O it shall be a most happy time
All my loved ones to find
Set the finest China for the day
For the honored Lord make way.
It was the Thanksgiving from Wilmore, Kentucky, around the year of sixty six, that Normal Rockwell came to paint our picture. In earlier years the day was memorable as well, like the one in Sopchoppy when my dad and I went out early in the morning, and with the old Parker double barrel 12 gauge shot a gobbler in Bert Roddenberry’s woods for dinner that day. I’m not even sure Langston carried turkeys in the IGA then.
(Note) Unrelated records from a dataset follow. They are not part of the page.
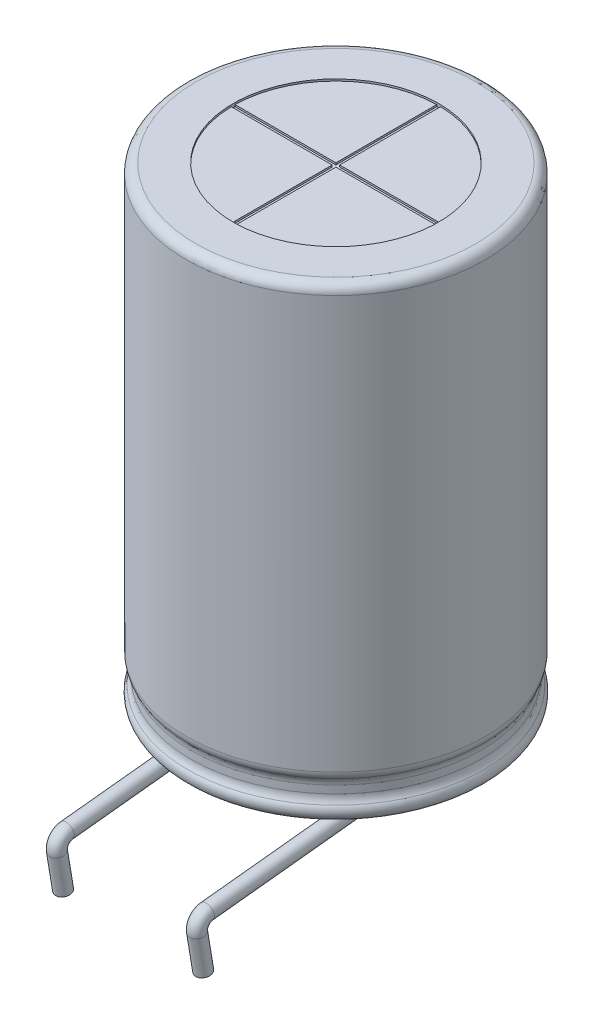
ISO-10303-21;
HEADER;
FILE_DESCRIPTION(('STEP AP214'),'2;1');
FILE_NAME('part.step','',(''),(''),'','','');
FILE_SCHEMA(('AUTOMOTIVE_DESIGN { 1 0 10303 214 1 1 1 1 }'));
ENDSEC;
DATA;
#1=APPLICATION_CONTEXT('core data for automotive mechanical design processes');
#2=APPLICATION_PROTOCOL_DEFINITION('international standard','automotive_design',2000,#1);
#3=PRODUCT_CONTEXT('',#1,'mechanical');
#4=PRODUCT('Part','Part','',(#3));
#5=PRODUCT_RELATED_PRODUCT_CATEGORY('part','',(#4));
#6=PRODUCT_DEFINITION_FORMATION('','',#4);
#7=PRODUCT_DEFINITION_CONTEXT('part definition',#1,'design');
#8=PRODUCT_DEFINITION('design','',#6,#7);
#9=PRODUCT_DEFINITION_SHAPE('','',#8);
#10=(LENGTH_UNIT() NAMED_UNIT(*) SI_UNIT(.MILLI.,.METRE.));
#11=(NAMED_UNIT(*) PLANE_ANGLE_UNIT() SI_UNIT($,.RADIAN.));
#12=(NAMED_UNIT(*) SI_UNIT($,.STERADIAN.) SOLID_ANGLE_UNIT());
#13=UNCERTAINTY_MEASURE_WITH_UNIT(LENGTH_MEASURE(1.E-05),#10,'distance_accuracy_value','');
#14=(GEOMETRIC_REPRESENTATION_CONTEXT(3) GLOBAL_UNCERTAINTY_ASSIGNED_CONTEXT((#13)) GLOBAL_UNIT_ASSIGNED_CONTEXT((#10,
#11,#12)) REPRESENTATION_CONTEXT('',''));
#15=CARTESIAN_POINT('',(0.,0.,0.));
#16=DIRECTION('',(0.,0.,1.));
#17=DIRECTION('',(1.,0.,0.));
#18=AXIS2_PLACEMENT_3D('',#15,#16,#17);
#19=CARTESIAN_POINT('',(0.,24.9,0.));
#20=DIRECTION('',(0.,-1.,0.));
#21=DIRECTION('',(0.,0.,-1.));
#22=AXIS2_PLACEMENT_3D('',#19,#20,#21);
#23=PLANE('',#22);
#24=CARTESIAN_POINT('',(0.,24.9,0.));
#25=DIRECTION('',(0.,1.,0.));
#26=DIRECTION('',(0.,0.,-1.));
#27=AXIS2_PLACEMENT_3D('',#24,#25,#26);
#28=CIRCLE('',#27,5.5);
#29=CARTESIAN_POINT('',(0.0999999999999808,24.9,5.499090833947));
#30=VERTEX_POINT('',#29);
#31=CARTESIAN_POINT('',(5.49909083394701,24.9,0.100000000000018));
#32=VERTEX_POINT('',#31);
#33=EDGE_CURVE('E153',#30,#32,#28,.T.);
#34=ORIENTED_EDGE('',*,*,#33,.T.);
#35=DIRECTION('',(1.,0.,0.));
#36=VECTOR('',#35,1.);
#37=CARTESIAN_POINT('',(0.100000000000001,24.9,0.0999999999999997));
#38=LINE('',#37,#36);
#39=CARTESIAN_POINT('',(0.100000000000001,24.9,0.0999999999999997));
#40=VERTEX_POINT('',#39);
#41=EDGE_CURVE('E197',#40,#32,#38,.T.);
#42=ORIENTED_EDGE('',*,*,#41,.F.);
#43=DIRECTION('',(0.,0.,-1.));
#44=VECTOR('',#43,1.);
#45=CARTESIAN_POINT('',(0.0999999999999823,24.9,5.499090833947));
#46=LINE('',#45,#44);
#47=EDGE_CURVE('E194',#30,#40,#46,.T.);
#48=ORIENTED_EDGE('',*,*,#47,.F.);
#49=EDGE_LOOP('',(#34,#42,#48));
#50=FACE_BOUND('',#49,.T.);
#51=ADVANCED_FACE('F41',(#50),#23,.F.);
#52=CARTESIAN_POINT('',(-5.499090833947,24.9,0.0999999999999632));
#53=VERTEX_POINT('',#52);
#54=CARTESIAN_POINT('',(-0.100000000000037,24.9,5.49909083394701));
#55=VERTEX_POINT('',#54);
#56=EDGE_CURVE('E235',#53,#55,#28,.T.);
#57=ORIENTED_EDGE('',*,*,#56,.T.);
#58=DIRECTION('',(0.,0.,1.));
#59=VECTOR('',#58,1.);
#60=CARTESIAN_POINT('',(-0.1,24.9,0.100000000000001));
#61=LINE('',#60,#59);
#62=CARTESIAN_POINT('',(-0.1,24.9,0.100000000000001));
#63=VERTEX_POINT('',#62);
#64=EDGE_CURVE('E190',#63,#55,#61,.T.);
#65=ORIENTED_EDGE('',*,*,#64,.F.);
#66=DIRECTION('',(1.,0.,0.));
#67=VECTOR('',#66,1.);
#68=CARTESIAN_POINT('',(-5.49909083394701,24.9,0.0999999999999631));
#69=LINE('',#68,#67);
#70=EDGE_CURVE('E186',#53,#63,#69,.T.);
#71=ORIENTED_EDGE('',*,*,#70,.F.);
#72=EDGE_LOOP('',(#57,#65,#71));
#73=FACE_BOUND('',#72,.T.);
#74=ADVANCED_FACE('F361',(#73),#23,.F.);
#75=CARTESIAN_POINT('',(-0.0999999999999423,24.9,-5.49909083394701));
#76=VERTEX_POINT('',#75);
#77=CARTESIAN_POINT('',(-5.49909083394701,24.9,-0.100000000000056));
#78=VERTEX_POINT('',#77);
#79=EDGE_CURVE('E230',#76,#78,#28,.T.);
#80=ORIENTED_EDGE('',*,*,#79,.T.);
#81=DIRECTION('',(-1.,0.,0.));
#82=VECTOR('',#81,1.);
#83=CARTESIAN_POINT('',(-0.1,24.9,-0.1));
#84=LINE('',#83,#82);
#85=CARTESIAN_POINT('',(-0.1,24.9,-0.1));
#86=VERTEX_POINT('',#85);
#87=EDGE_CURVE('E182',#86,#78,#84,.T.);
#88=ORIENTED_EDGE('',*,*,#87,.F.);
#89=DIRECTION('',(0.,0.,1.));
#90=VECTOR('',#89,1.);
#91=CARTESIAN_POINT('',(-0.0999999999999439,24.9,-5.49909083394701));
#92=LINE('',#91,#90);
#93=EDGE_CURVE('E178',#76,#86,#92,.T.);
#94=ORIENTED_EDGE('',*,*,#93,.F.);
#95=EDGE_LOOP('',(#80,#88,#94));
#96=FACE_BOUND('',#95,.T.);
#97=ADVANCED_FACE('F365',(#96),#23,.F.);
#98=CARTESIAN_POINT('',(0.,25.,0.));
#99=DIRECTION('',(0.,-1.,0.));
#100=DIRECTION('',(1.,0.,0.));
#101=AXIS2_PLACEMENT_3D('',#98,#99,#100);
#102=CYLINDRICAL_SURFACE('',#101,8.);
#103=CARTESIAN_POINT('',(0.,24.5,0.));
#104=DIRECTION('',(0.,1.,0.));
#105=DIRECTION('',(-1.,0.,0.));
#106=AXIS2_PLACEMENT_3D('',#103,#104,#105);
#107=CIRCLE('',#106,8.);
#108=CARTESIAN_POINT('',(-8.,24.5,0.));
#109=VERTEX_POINT('',#108);
#110=EDGE_CURVE('E255',#109,#109,#107,.F.);
#111=ORIENTED_EDGE('',*,*,#110,.T.);
#112=EDGE_LOOP('',(#111));
#113=FACE_BOUND('',#112,.T.);
#114=CARTESIAN_POINT('',(0.,2.40756880196224,0.));
#115=DIRECTION('',(0.,-1.,0.));
#116=DIRECTION('',(1.,0.,0.));
#117=AXIS2_PLACEMENT_3D('',#114,#115,#116);
#118=CIRCLE('',#117,8.);
#119=CARTESIAN_POINT('',(8.,2.40756880196224,0.));
#120=VERTEX_POINT('',#119);
#121=EDGE_CURVE('E234',#120,#120,#118,.T.);
#122=ORIENTED_EDGE('',*,*,#121,.F.);
#123=EDGE_LOOP('',(#122));
#124=FACE_BOUND('',#123,.T.);
#125=ADVANCED_FACE('F377',(#113,#124),#102,.T.);
#126=CARTESIAN_POINT('',(8.,25.,0.));
#127=DIRECTION('',(0.,1.,0.));
#128=DIRECTION('',(-1.,0.,0.));
#129=AXIS2_PLACEMENT_3D('',#126,#127,#128);
#130=PLANE('',#129);
#131=CARTESIAN_POINT('',(0.,25.,0.));
#132=DIRECTION('',(0.,1.,0.));
#133=DIRECTION('',(-1.,0.,0.));
#134=AXIS2_PLACEMENT_3D('',#131,#132,#133);
#135=CIRCLE('',#134,7.5);
#136=CARTESIAN_POINT('',(-7.5,25.,0.));
#137=VERTEX_POINT('',#136);
#138=EDGE_CURVE('E259',#137,#137,#135,.T.);
#139=ORIENTED_EDGE('',*,*,#138,.T.);
#140=EDGE_LOOP('',(#139));
#141=FACE_BOUND('',#140,.T.);
#142=CARTESIAN_POINT('',(0.,25.,0.));
#143=DIRECTION('',(0.,1.,0.));
#144=DIRECTION('',(0.,0.,-1.));
#145=AXIS2_PLACEMENT_3D('',#142,#143,#144);
#146=CIRCLE('',#145,5.5);
#147=CARTESIAN_POINT('',(0.,25.,-5.5));
#148=VERTEX_POINT('',#147);
#149=EDGE_CURVE('E202',#148,#148,#146,.T.);
#150=ORIENTED_EDGE('',*,*,#149,.F.);
#151=EDGE_LOOP('',(#150));
#152=FACE_BOUND('',#151,.T.);
#153=ADVANCED_FACE('F382',(#141,#152),#130,.T.);
#154=CARTESIAN_POINT('',(0.,0.,0.));
#155=DIRECTION('',(0.,-1.,0.));
#156=DIRECTION('',(1.,0.,0.));
#157=AXIS2_PLACEMENT_3D('',#154,#155,#156);
#158=PLANE('',#157);
#159=CARTESIAN_POINT('',(0.,0.,0.));
#160=DIRECTION('',(0.,-1.,0.));
#161=DIRECTION('',(1.,0.,0.));
#162=AXIS2_PLACEMENT_3D('',#159,#160,#161);
#163=CIRCLE('',#162,7.51793220524762);
#164=CARTESIAN_POINT('',(7.51793220524762,0.,0.));
#165=VERTEX_POINT('',#164);
#166=EDGE_CURVE('E263',#165,#165,#163,.T.);
#167=ORIENTED_EDGE('',*,*,#166,.T.);
#168=EDGE_LOOP('',(#167));
#169=FACE_BOUND('',#168,.T.);
#170=CARTESIAN_POINT('',(0.,0.,0.));
#171=DIRECTION('',(0.,-1.,0.));
#172=DIRECTION('',(1.,0.,0.));
#173=AXIS2_PLACEMENT_3D('',#170,#171,#172);
#174=CIRCLE('',#173,5.5);
#175=CARTESIAN_POINT('',(5.5,0.,0.));
#176=VERTEX_POINT('',#175);
#177=EDGE_CURVE('E287',#176,#176,#174,.T.);
#178=ORIENTED_EDGE('',*,*,#177,.F.);
#179=EDGE_LOOP('',(#178));
#180=FACE_BOUND('',#179,.T.);
#181=ADVANCED_FACE('F637',(#169,#180),#158,.T.);
#182=CARTESIAN_POINT('',(0.,1.23259900370742,0.));
#183=DIRECTION('',(0.,-1.,0.));
#184=DIRECTION('',(1.,0.,0.));
#185=AXIS2_PLACEMENT_3D('',#182,#183,#184);
#186=TOROIDAL_SURFACE('',#185,8.43125,0.670833333333331);
#187=CARTESIAN_POINT('',(0.,0.812853667063678,0.));
#188=DIRECTION('',(0.,1.,0.));
#189=DIRECTION('',(-1.,0.,0.));
#190=AXIS2_PLACEMENT_3D('',#187,#188,#189);
#191=CIRCLE('',#190,7.90796115674331);
#192=CARTESIAN_POINT('',(-7.90796115674331,0.812853667063677,0.));
#193=VERTEX_POINT('',#192);
#194=EDGE_CURVE('E267',#193,#193,#191,.T.);
#195=ORIENTED_EDGE('',*,*,#194,.T.);
#196=EDGE_LOOP('',(#195));
#197=FACE_BOUND('',#196,.T.);
#198=CARTESIAN_POINT('',(0.,1.23259900370742,0.));
#199=DIRECTION('',(0.,-1.,0.));
#200=DIRECTION('',(1.,0.,0.));
#201=AXIS2_PLACEMENT_3D('',#198,#199,#200);
#202=CIRCLE('',#201,7.76041666666666);
#203=CARTESIAN_POINT('',(7.76041666666666,1.23259900370742,0.));
#204=VERTEX_POINT('',#203);
#205=EDGE_CURVE('E251',#204,#204,#202,.T.);
#206=ORIENTED_EDGE('',*,*,#205,.T.);
#207=EDGE_LOOP('',(#206));
#208=FACE_BOUND('',#207,.T.);
#209=ADVANCED_FACE('F631',(#197,#208),#186,.F.);
#210=CARTESIAN_POINT('',(0.,25.,0.));
#211=DIRECTION('',(0.,-1.,0.));
#212=DIRECTION('',(1.,0.,0.));
#213=AXIS2_PLACEMENT_3D('',#210,#211,#212);
#214=CYLINDRICAL_SURFACE('',#213,7.76041666666666);
#215=CARTESIAN_POINT('',(0.,1.64240099629257,0.));
#216=DIRECTION('',(0.,-1.,0.));
#217=DIRECTION('',(1.,0.,0.));
#218=AXIS2_PLACEMENT_3D('',#215,#216,#217);
#219=CIRCLE('',#218,7.76041666666667);
#220=CARTESIAN_POINT('',(7.76041666666667,1.64240099629258,0.));
#221=VERTEX_POINT('',#220);
#222=EDGE_CURVE('E247',#221,#221,#219,.T.);
#223=ORIENTED_EDGE('',*,*,#222,.T.);
#224=EDGE_LOOP('',(#223));
#225=FACE_BOUND('',#224,.T.);
#226=ORIENTED_EDGE('',*,*,#205,.F.);
#227=EDGE_LOOP('',(#226));
#228=FACE_BOUND('',#227,.T.);
#229=ADVANCED_FACE('F636',(#225,#228),#214,.T.);
#230=CARTESIAN_POINT('',(0.,1.64240099629258,0.));
#231=DIRECTION('',(0.,-1.,0.));
#232=DIRECTION('',(1.,0.,0.));
#233=AXIS2_PLACEMENT_3D('',#230,#231,#232);
#234=TOROIDAL_SURFACE('',#233,8.43125,0.670833333333334);
#235=CARTESIAN_POINT('',(0.,2.02498489912741,0.));
#236=DIRECTION('',(0.,-1.,0.));
#237=DIRECTION('',(1.,0.,0.));
#238=AXIS2_PLACEMENT_3D('',#235,#236,#237);
#239=CIRCLE('',#238,7.88020833333333);
#240=CARTESIAN_POINT('',(7.88020833333333,2.02498489912741,0.));
#241=VERTEX_POINT('',#240);
#242=EDGE_CURVE('E243',#241,#241,#239,.T.);
#243=ORIENTED_EDGE('',*,*,#242,.T.);
#244=EDGE_LOOP('',(#243));
#245=FACE_BOUND('',#244,.T.);
#246=ORIENTED_EDGE('',*,*,#222,.F.);
#247=EDGE_LOOP('',(#246));
#248=FACE_BOUND('',#247,.T.);
#249=ADVANCED_FACE('F755',(#245,#248),#234,.F.);
#250=CARTESIAN_POINT('',(0.,2.40756880196224,0.));
#251=DIRECTION('',(0.,-1.,0.));
#252=DIRECTION('',(1.,0.,0.));
#253=AXIS2_PLACEMENT_3D('',#250,#251,#252);
#254=TOROIDAL_SURFACE('',#253,7.32916666666666,0.670833333333332);
#255=ORIENTED_EDGE('',*,*,#121,.T.);
#256=EDGE_LOOP('',(#255));
#257=FACE_BOUND('',#256,.T.);
#258=ORIENTED_EDGE('',*,*,#242,.F.);
#259=EDGE_LOOP('',(#258));
#260=FACE_BOUND('',#259,.T.);
#261=ADVANCED_FACE('F375',(#257,#260),#254,.T.);
#262=CARTESIAN_POINT('',(0.,24.9,0.));
#263=DIRECTION('',(0.,1.,0.));
#264=DIRECTION('',(0.,0.,1.));
#265=AXIS2_PLACEMENT_3D('',#262,#263,#264);
#266=CYLINDRICAL_SURFACE('',#265,5.5);
#267=ORIENTED_EDGE('',*,*,#79,.F.);
#268=DIRECTION('',(0.,1.,0.));
#269=VECTOR('',#268,1.);
#270=CARTESIAN_POINT('',(-0.0999999999999423,24.8,-5.49909083394701));
#271=LINE('',#270,#269);
#272=CARTESIAN_POINT('',(-0.0999999999999423,24.8,-5.49909083394701));
#273=VERTEX_POINT('',#272);
#274=EDGE_CURVE('E219',#273,#76,#271,.T.);
#275=ORIENTED_EDGE('',*,*,#274,.F.);
#276=CARTESIAN_POINT('',(0.,24.8,0.));
#277=DIRECTION('',(0.,1.,0.));
#278=DIRECTION('',(0.,0.,1.));
#279=AXIS2_PLACEMENT_3D('',#276,#277,#278);
#280=CIRCLE('',#279,5.5);
#281=CARTESIAN_POINT('',(0.0999999999999986,24.8,-5.49909083394701));
#282=VERTEX_POINT('',#281);
#283=EDGE_CURVE('E306',#282,#273,#280,.T.);
#284=ORIENTED_EDGE('',*,*,#283,.F.);
#285=DIRECTION('',(0.,1.,0.));
#286=VECTOR('',#285,1.);
#287=CARTESIAN_POINT('',(0.0999999999999986,24.8,-5.49909083394701));
#288=LINE('',#287,#286);
#289=CARTESIAN_POINT('',(0.0999999999999986,24.9,-5.49909083394701));
#290=VERTEX_POINT('',#289);
#291=EDGE_CURVE('E222',#282,#290,#288,.T.);
#292=ORIENTED_EDGE('',*,*,#291,.T.);
#293=CARTESIAN_POINT('',(5.499090833947,24.9,-0.100000000000002));
#294=VERTEX_POINT('',#293);
#295=EDGE_CURVE('E236',#294,#290,#28,.T.);
#296=ORIENTED_EDGE('',*,*,#295,.F.);
#297=DIRECTION('',(0.,1.,0.));
#298=VECTOR('',#297,1.);
#299=CARTESIAN_POINT('',(5.499090833947,24.8,-0.100000000000002));
#300=LINE('',#299,#298);
#301=CARTESIAN_POINT('',(5.499090833947,24.8,-0.100000000000002));
#302=VERTEX_POINT('',#301);
#303=EDGE_CURVE('E57',#302,#294,#300,.T.);
#304=ORIENTED_EDGE('',*,*,#303,.F.);
#305=CARTESIAN_POINT('',(0.,24.8,0.));
#306=DIRECTION('',(0.,1.,0.));
#307=DIRECTION('',(0.,0.,1.));
#308=AXIS2_PLACEMENT_3D('',#305,#306,#307);
#309=CIRCLE('',#308,5.5);
#310=CARTESIAN_POINT('',(5.49909083394701,24.8,0.100000000000018));
#311=VERTEX_POINT('',#310);
#312=EDGE_CURVE('E65',#311,#302,#309,.T.);
#313=ORIENTED_EDGE('',*,*,#312,.F.);
#314=DIRECTION('',(0.,1.,0.));
#315=VECTOR('',#314,1.);
#316=CARTESIAN_POINT('',(5.49909083394701,24.8,0.100000000000018));
#317=LINE('',#316,#315);
#318=EDGE_CURVE('E104',#311,#32,#317,.T.);
#319=ORIENTED_EDGE('',*,*,#318,.T.);
#320=ORIENTED_EDGE('',*,*,#33,.F.);
#321=DIRECTION('',(0.,1.,0.));
#322=VECTOR('',#321,1.);
#323=CARTESIAN_POINT('',(0.0999999999999808,24.8,5.499090833947));
#324=LINE('',#323,#322);
#325=CARTESIAN_POINT('',(0.0999999999999808,24.8,5.499090833947));
#326=VERTEX_POINT('',#325);
#327=EDGE_CURVE('E148',#326,#30,#324,.T.);
#328=ORIENTED_EDGE('',*,*,#327,.F.);
#329=CARTESIAN_POINT('',(0.,24.8,0.));
#330=DIRECTION('',(0.,1.,0.));
#331=DIRECTION('',(0.,0.,1.));
#332=AXIS2_PLACEMENT_3D('',#329,#330,#331);
#333=CIRCLE('',#332,5.5);
#334=CARTESIAN_POINT('',(-0.100000000000037,24.8,5.49909083394701));
#335=VERTEX_POINT('',#334);
#336=EDGE_CURVE('E137',#335,#326,#333,.T.);
#337=ORIENTED_EDGE('',*,*,#336,.F.);
#338=DIRECTION('',(0.,1.,0.));
#339=VECTOR('',#338,1.);
#340=CARTESIAN_POINT('',(-0.100000000000037,24.8,5.49909083394701));
#341=LINE('',#340,#339);
#342=EDGE_CURVE('E159',#335,#55,#341,.T.);
#343=ORIENTED_EDGE('',*,*,#342,.T.);
#344=ORIENTED_EDGE('',*,*,#56,.F.);
#345=DIRECTION('',(0.,1.,0.));
#346=VECTOR('',#345,1.);
#347=CARTESIAN_POINT('',(-5.499090833947,24.8,0.0999999999999632));
#348=LINE('',#347,#346);
#349=CARTESIAN_POINT('',(-5.499090833947,24.8,0.0999999999999632));
#350=VERTEX_POINT('',#349);
#351=EDGE_CURVE('E210',#350,#53,#348,.T.);
#352=ORIENTED_EDGE('',*,*,#351,.F.);
#353=CARTESIAN_POINT('',(0.,24.8,0.));
#354=DIRECTION('',(0.,1.,0.));
#355=DIRECTION('',(0.,0.,1.));
#356=AXIS2_PLACEMENT_3D('',#353,#354,#355);
#357=CIRCLE('',#356,5.49999999999999);
#358=CARTESIAN_POINT('',(-5.49909083394701,24.8,-0.100000000000056));
#359=VERTEX_POINT('',#358);
#360=EDGE_CURVE('E317',#359,#350,#357,.T.);
#361=ORIENTED_EDGE('',*,*,#360,.F.);
#362=DIRECTION('',(0.,1.,0.));
#363=VECTOR('',#362,1.);
#364=CARTESIAN_POINT('',(-5.49909083394701,24.8,-0.100000000000056));
#365=LINE('',#364,#363);
#366=EDGE_CURVE('E213',#359,#78,#365,.T.);
#367=ORIENTED_EDGE('',*,*,#366,.T.);
#368=EDGE_LOOP('',(#267,#275,#284,#292,#296,#304,#313,#319,#320,#328,#337,#343,#344,#352,#361,#367));
#369=FACE_BOUND('',#368,.T.);
#370=ORIENTED_EDGE('',*,*,#149,.T.);
#371=EDGE_LOOP('',(#370));
#372=FACE_BOUND('',#371,.T.);
#373=ADVANCED_FACE('F150',(#369,#372),#266,.F.);
#374=ORIENTED_EDGE('',*,*,#295,.T.);
#375=DIRECTION('',(0.,0.,-1.));
#376=VECTOR('',#375,1.);
#377=CARTESIAN_POINT('',(0.0999999999999994,24.9,-0.100000000000002));
#378=LINE('',#377,#376);
#379=CARTESIAN_POINT('',(0.0999999999999994,24.9,-0.100000000000002));
#380=VERTEX_POINT('',#379);
#381=EDGE_CURVE('E173',#380,#290,#378,.T.);
#382=ORIENTED_EDGE('',*,*,#381,.F.);
#383=DIRECTION('',(-1.,0.,0.));
#384=VECTOR('',#383,1.);
#385=CARTESIAN_POINT('',(5.499090833947,24.9,-0.100000000000002));
#386=LINE('',#385,#384);
#387=EDGE_CURVE('E170',#294,#380,#386,.T.);
#388=ORIENTED_EDGE('',*,*,#387,.F.);
#389=EDGE_LOOP('',(#374,#382,#388));
#390=FACE_BOUND('',#389,.T.);
#391=ADVANCED_FACE('F343',(#390),#23,.F.);
#392=CARTESIAN_POINT('',(0.100000000000001,24.8,0.0999999999999997));
#393=DIRECTION('',(0.,0.,1.));
#394=DIRECTION('',(1.,0.,0.));
#395=AXIS2_PLACEMENT_3D('',#392,#393,#394);
#396=PLANE('',#395);
#397=ORIENTED_EDGE('',*,*,#41,.T.);
#398=ORIENTED_EDGE('',*,*,#318,.F.);
#399=DIRECTION('',(1.,0.,0.));
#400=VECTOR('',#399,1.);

And there was the latter times, like down in Gulf Hammock in Levy County, when most of Williston and the county would gather in the Fugates Camp C for a community feast followed by a hymn fest sing down at the Smith camp. And then there were the Old Homewood years in Wakulla County in Crawfordville and later Williston when my dad and I and many helping would grind the sugar cane and boil it into syrup, bottled by lunch time by the sugar shack where tables were set up under the pear trees.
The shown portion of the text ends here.